JUST IN: SHOCKING WHISTLEBLOWER CLAIMS BERKSHIRE HATHAWAY IS ACTUALLY a FRONT for TIME-TRAVELING BEARS! 🚨

JUST IN: SHOCKING WHISTLEBLOWER CLAIMS BERKSHIRE HATHAWAY IS ACTUALLY A FRONT FOR TIME-TRAVELING BEARS! 🚨

WARREN BUFFETT’S DARKEST SECRET FINALLY EXPOSED!

In a bombshell report that has the financial world on EDGE, a former intern (who is hiding in a panic room in Omaha) claims the “Oracle of Omaha” isn’t just a savvy investor—he’s been receiving stock tips from a SPECIES OF SUPER-INTELLIGENT, TIME-TRAVELING GRIZZLY BEARS from the year 2057!

“The bears call themselves ‘THE CRYPTOCLAWS’,” the whistleblower sobs. “They’ve been manipulating the Apple trade for DECADES!”
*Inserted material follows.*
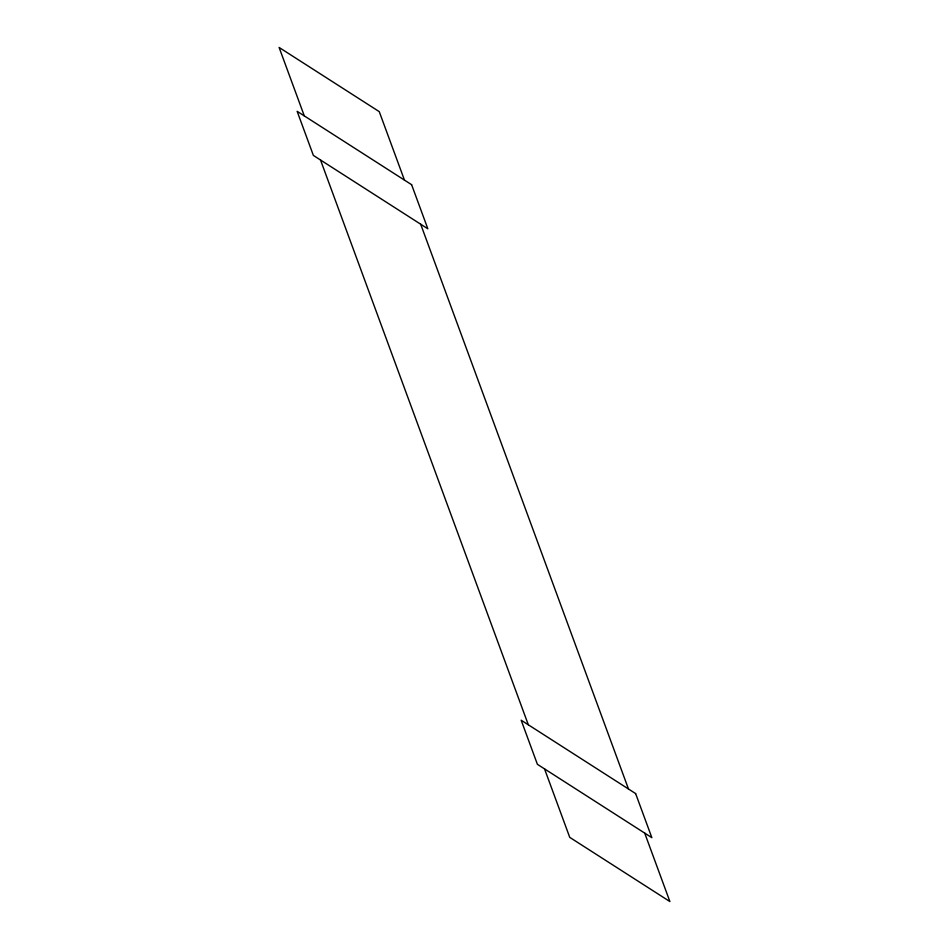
<?xml version="1.0" encoding="UTF-8"?>
<svg xmlns="http://www.w3.org/2000/svg" width="949" height="949" viewBox="0 0 949 949"><rect width="100%" height="100%" fill="white"/><g stroke="black" fill="none" stroke-linecap="round" stroke-linejoin="round"><path stroke-width="1.42" d="M404.452 180.096L379.256 111.638L279.113 47.45L304.297 115.908M420.68 224.201L628.475 788.987M644.703 833.092L669.887 901.55L569.744 837.362L544.548 768.904M320.525 160.013L528.32 724.799M411.605 184.687L297.144 111.318L313.372 155.422L427.833 228.792L411.605 184.687M635.628 793.578L521.167 720.208L537.395 764.313L651.856 837.682L635.628 793.578"/></g></svg>

The proof? An unhinged memo found in a shredded document at the annual shareholders meeting! It allegedly reads: “BUY CHEAP. HIBERNATE. SELL AT PEAK SUNSPOT ACTIVITY. OM.” 🐻💼

INSIDERS are TERRIFIED, confirming that Charlie Munger’s legendary silence was actually a protocol to avoid detection by the bear-timeline.

IS YOUR 401K FUNDING A FURRY COUP D’ÉTAT?